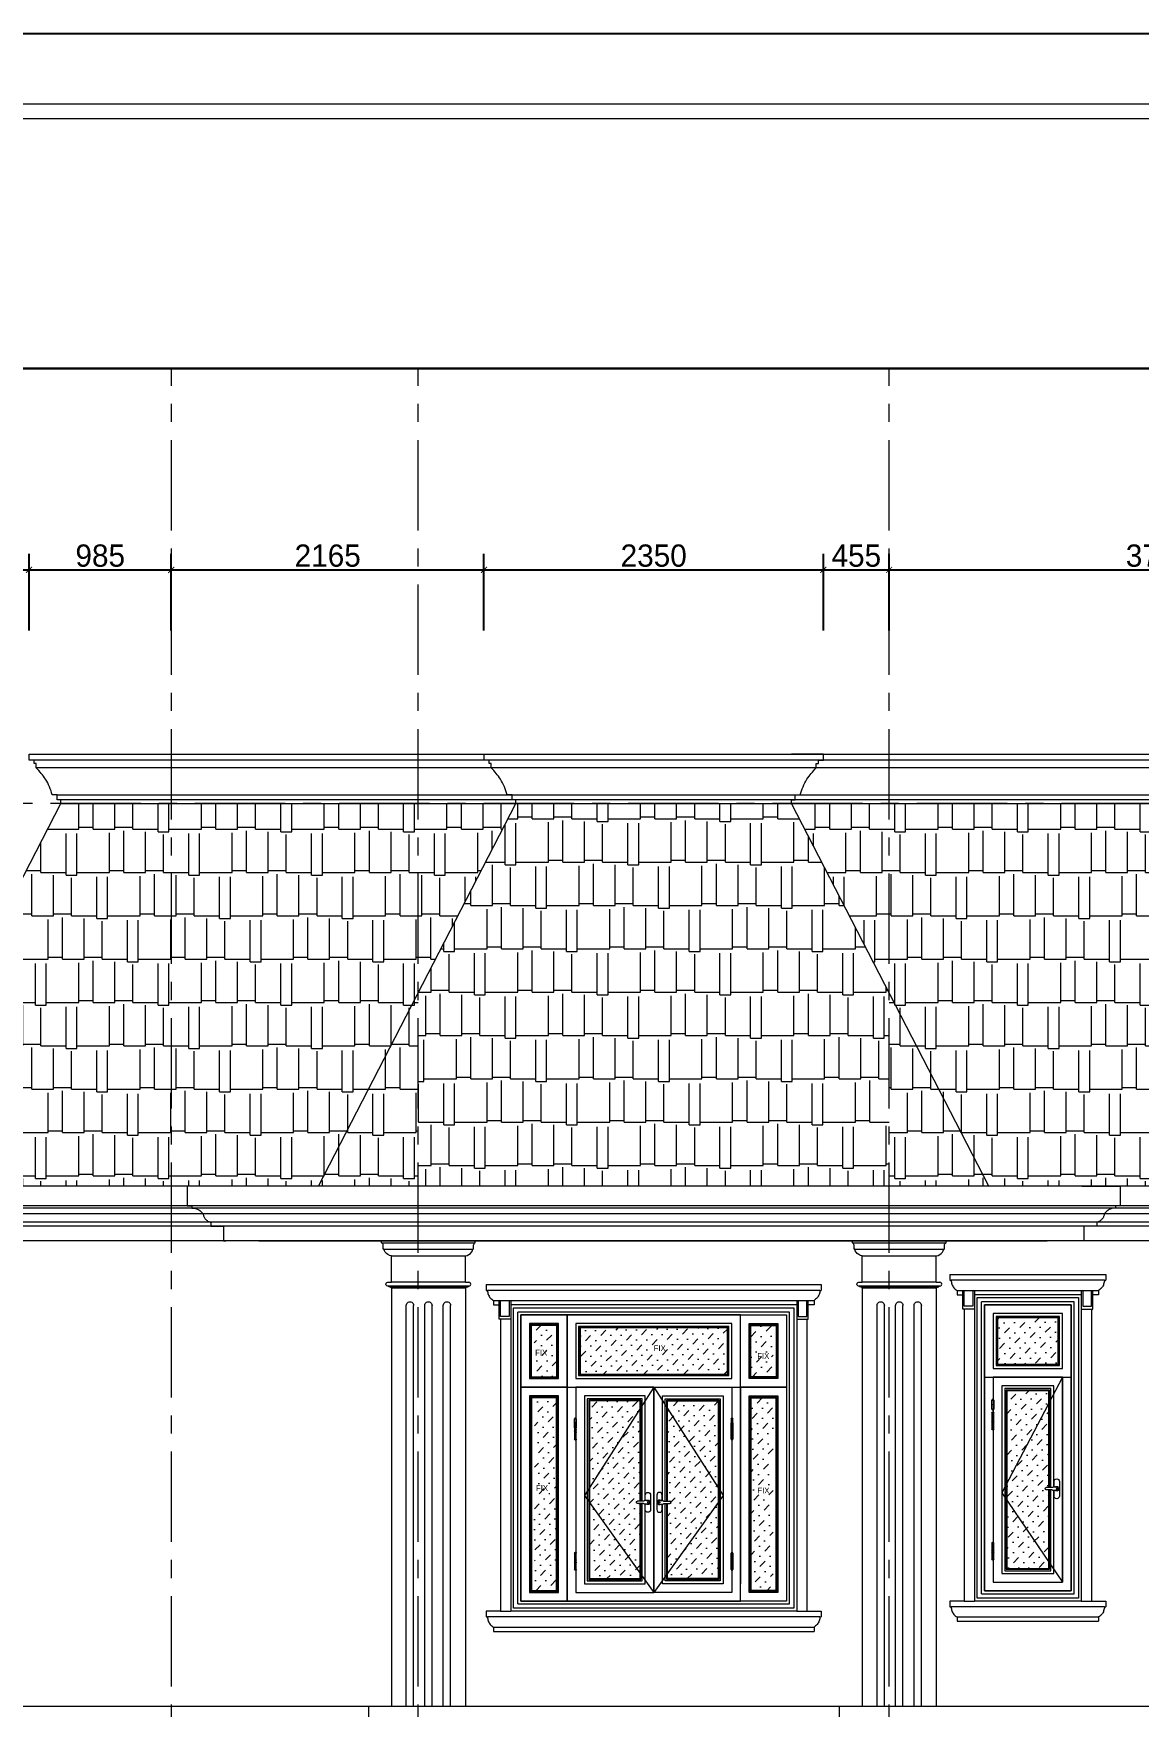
# Model space of a CAD drawing. Header units: millimetres. Extents: x 1832547 to 2001569, y -558009 to -417808.
# Drawn here: x 1917759 to 1925411, y -523644 to -512066 of the extents above; entities that cross this region are included whole.
import ezdxf

# ---------------------------------------------------------------- set-up
doc = ezdxf.new("R2010")
doc.units = ezdxf.units.MM
doc.header["$MEASUREMENT"] = 0
doc.linetypes.add('CENTER', pattern=[2, 1.25, -0.25, 0.25, -0.25])
doc.linetypes.add('HIDDEN', pattern=[9.525, 6.35, -3.175])
doc.layers.get('0').update_dxf_attribs({"linetype": 'CONTINUOUS'})
doc.layers.get('DEFPOINTS').update_dxf_attribs({"linetype": 'CONTINUOUS'})
for name, color, linetype, lineweight in [('AUDIT_I_120404221301-0', 7, 'CONTINUOUS', 15), ('CA. TUONG', 30, 'CONTINUOUS', 30), ('CA.dim 08', 8, 'CONTINUOUS', 13), ('CA.khuat 75', 75, 'HIDDEN', 9), ('CA.manh 08', 8, 'CONTINUOUS', 9), ('CA.noi that 15', 15, 'CONTINUOUS', 9), ('CA.thay 145', 145, 'CONTINUOUS', 18), ('CA.tim 67', 67, 'CENTER', 9), ('CA.vat lieu 08', 8, 'CONTINUOUS', 5), ('CA_manh 08', 8, 'CONTINUOUS', 9)]:
    doc.layers.add(name, color=color, linetype=linetype, lineweight=lineweight)
doc.styles.add('CA.JSC1', font='Vhavan.ttf', dxfattribs={"width": 0.8})
doc.styles.get("Standard").update_dxf_attribs({"font": 'roman.shx'})
doc.dimstyles.new('CA 70', dxfattribs={"dimscale": 0.7, "dimtxt": 220, "dimasz": 60, "dimexe": 160, "dimexo": 0, "dimgap": 30, "dimtad": 1, "dimdec": 0, "dimrnd": 5, "dimzin": 0, "dimdsep": 46, "dimtxsty": 'Standard', "dimblk": 'ARCHTICK', "dimcen": 0.09, "dimdle": 160, "dimclrd": 256, "dimclre": 256, "dimclrt": 255, "dimadec": 0, "dimazin": 0, "dimtfac": 1, "dimtdec": 0, "dimtix": 1, "dimtmove": 2, "dimatfit": 3, "dimldrblk": 'DOT', "dimfxl": 600, "dimfxlon": 1, "dimtolj": 1, "dimtzin": 0, "dimarcsym": 0})

# ---------------------------------------------------------------- blocks, each defined once
blk = doc.blocks.new('A$C2d76a15f')
at = {"color": 4, "linetype": 'Continuous', "lineweight": 18}
blk.add_line((27498, 19313), (1212, 19313), dxfattribs=at)
blk.add_line((27405, 19220), (1306, 19220))
at = {"layer": 'DEFPOINTS', "ltscale": 600}
blk.add_line((0, 19765), (27951, 19765), dxfattribs=at)
blk = doc.blocks.new('A$C023b7539')
at = {"layer": 'CA.thay 145'}
for p, q in [((0, 2400), (0, 2360)), ((0, 2400), (1080, 2400)), ((0, 2360), (10, 2360)), ((10, 2360), (10, 2353)), ((1070, 2360), (10, 2360)), ((10, 2353), (11, 2346)), ((11, 2346), (12, 2339)), ((12, 2339), (14, 2332)), ((14, 2332), (17, 2326)), ((17, 2326), (20, 2319)), ((20, 2319), (24, 2314)), ((1059, 2319), (1056, 2314)), ((1063, 2326), (1059, 2319)), ((1065, 2332), (1063, 2326)), ((1067, 2339), (1065, 2332)), ((1069, 2346), (1067, 2339)), ((1070, 2353), (1069, 2346)), ((1070, 2360), (1070, 2353)), ((1070, 2360), (1080, 2360)), ((1080, 2400), (1080, 2360)), ((24, 2314), (28, 2308)), ((28, 2308), (33, 2303)), ((33, 2303), (38, 2298)), ((38, 2298), (44, 2294)), ((44, 2294), (50, 2290)), ((50, 2290), (90, 2290)), ((50, 2290), (50, 2260)), ((50, 2260), (90, 2260)), ((90, 2260), (90, 2290)), ((90, 2290), (100, 2290)), ((90, 2160), (90, 2260)), ((100, 2290), (160, 2290)), ((160, 2290), (170, 2290)), ((170, 2290), (910, 2290)), ((170, 2290), (170, 2260)), ((910, 2260), (170, 2260)), ((170, 2260), (170, 2160)), ((910, 2290), (920, 2290)), ((910, 2290), (910, 2260)), ((910, 2260), (910, 2160)), ((920, 2290), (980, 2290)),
※ ※ ※
• [Problem to solve]:
Hand back the data above exactly, with no images.

• [Answer section]:
# Model space of a CAD drawing. Header units: millimetres. Extents: x 1832547 to 2001569, y -558009 to -417808.
# Drawn here: x 1917759 to 1925411, y -523644 to -512066 of the extents above; entities that cross this region are included whole.
import ezdxf

# ---------------------------------------------------------------- set-up
doc = ezdxf.new("R2010")
doc.units = ezdxf.units.MM
doc.header["$MEASUREMENT"] = 0
doc.linetypes.add('CENTER', pattern=[2, 1.25, -0.25, 0.25, -0.25])
doc.linetypes.add('HIDDEN', pattern=[9.525, 6.35, -3.175])
doc.layers.get('0').update_dxf_attribs({"linetype": 'CONTINUOUS'})
doc.layers.get('DEFPOINTS').update_dxf_attribs({"linetype": 'CONTINUOUS'})
for name, color, linetype, lineweight in [('AUDIT_I_120404221301-0', 7, 'CONTINUOUS', 15), ('CA. TUONG', 30, 'CONTINUOUS', 30), ('CA.dim 08', 8, 'CONTINUOUS', 13), ('CA.khuat 75', 75, 'HIDDEN', 9), ('CA.manh 08', 8, 'CONTINUOUS', 9), ('CA.noi that 15', 15, 'CONTINUOUS', 9), ('CA.thay 145', 145, 'CONTINUOUS', 18), ('CA.tim 67', 67, 'CENTER', 9), ('CA.vat lieu 08', 8, 'CONTINUOUS', 5), ('CA_manh 08', 8, 'CONTINUOUS', 9)]:
    doc.layers.add(name, color=color, linetype=linetype, lineweight=lineweight)
doc.styles.add('CA.JSC1', font='Vhavan.ttf', dxfattribs={"width": 0.8})
doc.styles.get("Standard").update_dxf_attribs({"font": 'roman.shx'})
doc.dimstyles.new('CA 70', dxfattribs={"dimscale": 0.7, "dimtxt": 220, "dimasz": 60, "dimexe": 160, "dimexo": 0, "dimgap": 30, "dimtad": 1, "dimdec": 0, "dimrnd": 5, "dimzin": 0, "dimdsep": 46, "dimtxsty": 'Standard', "dimblk": 'ARCHTICK', "dimcen": 0.09, "dimdle": 160, "dimclrd": 256, "dimclre": 256, "dimclrt": 255, "dimadec": 0, "dimazin": 0, "dimtfac": 1, "dimtdec": 0, "dimtix": 1, "dimtmove": 2, "dimatfit": 3, "dimldrblk": 'DOT', "dimfxl": 600, "dimfxlon": 1, "dimtolj": 1, "dimtzin": 0, "dimarcsym": 0})

# ---------------------------------------------------------------- blocks, each defined once
blk = doc.blocks.new('A$C2d76a15f')
at = {"color": 4, "linetype": 'Continuous', "lineweight": 18}
blk.add_line((27498, 19313), (1212, 19313), dxfattribs=at)
blk.add_line((27405, 19220), (1306, 19220))
at = {"layer": 'DEFPOINTS', "ltscale": 600}
blk.add_line((0, 19765), (27951, 19765), dxfattribs=at)
blk = doc.blocks.new('A$C023b7539')
at = {"layer": 'CA.thay 145'}
for p, q in [((0, 2400), (0, 2360)), ((0, 2400), (1080, 2400)), ((0, 2360), (10, 2360)), ((10, 2360), (10, 2353)), ((1070, 2360), (10, 2360)), ((10, 2353), (11, 2346)), ((11, 2346), (12, 2339)), ((12, 2339), (14, 2332)), ((14, 2332), (17, 2326)), ((17, 2326), (20, 2319)), ((20, 2319), (24, 2314)), ((1059, 2319), (1056, 2314)), ((1063, 2326), (1059, 2319)), ((1065, 2332), (1063, 2326)), ((1067, 2339), (1065, 2332)), ((1069, 2346), (1067, 2339)), ((1070, 2353), (1069, 2346)), ((1070, 2360), (1070, 2353)), ((1070, 2360), (1080, 2360)), ((1080, 2400), (1080, 2360)), ((24, 2314), (28, 2308)), ((28, 2308), (33, 2303)), ((33, 2303), (38, 2298)), ((38, 2298), (44, 2294)), ((44, 2294), (50, 2290)), ((50, 2290), (90, 2290)), ((50, 2290), (50, 2260)), ((50, 2260), (90, 2260)), ((90, 2260), (90, 2290)), ((90, 2290), (100, 2290)), ((90, 2160), (90, 2260)), ((100, 2290), (160, 2290)), ((160, 2290), (170, 2290)), ((170, 2290), (910, 2290)), ((170, 2290), (170, 2260)), ((910, 2260), (170, 2260)), ((170, 2260), (170, 2160)), ((910, 2290), (920, 2290)), ((910, 2290), (910, 2260)), ((910, 2260), (910, 2160)), ((920, 2290), (980, 2290)),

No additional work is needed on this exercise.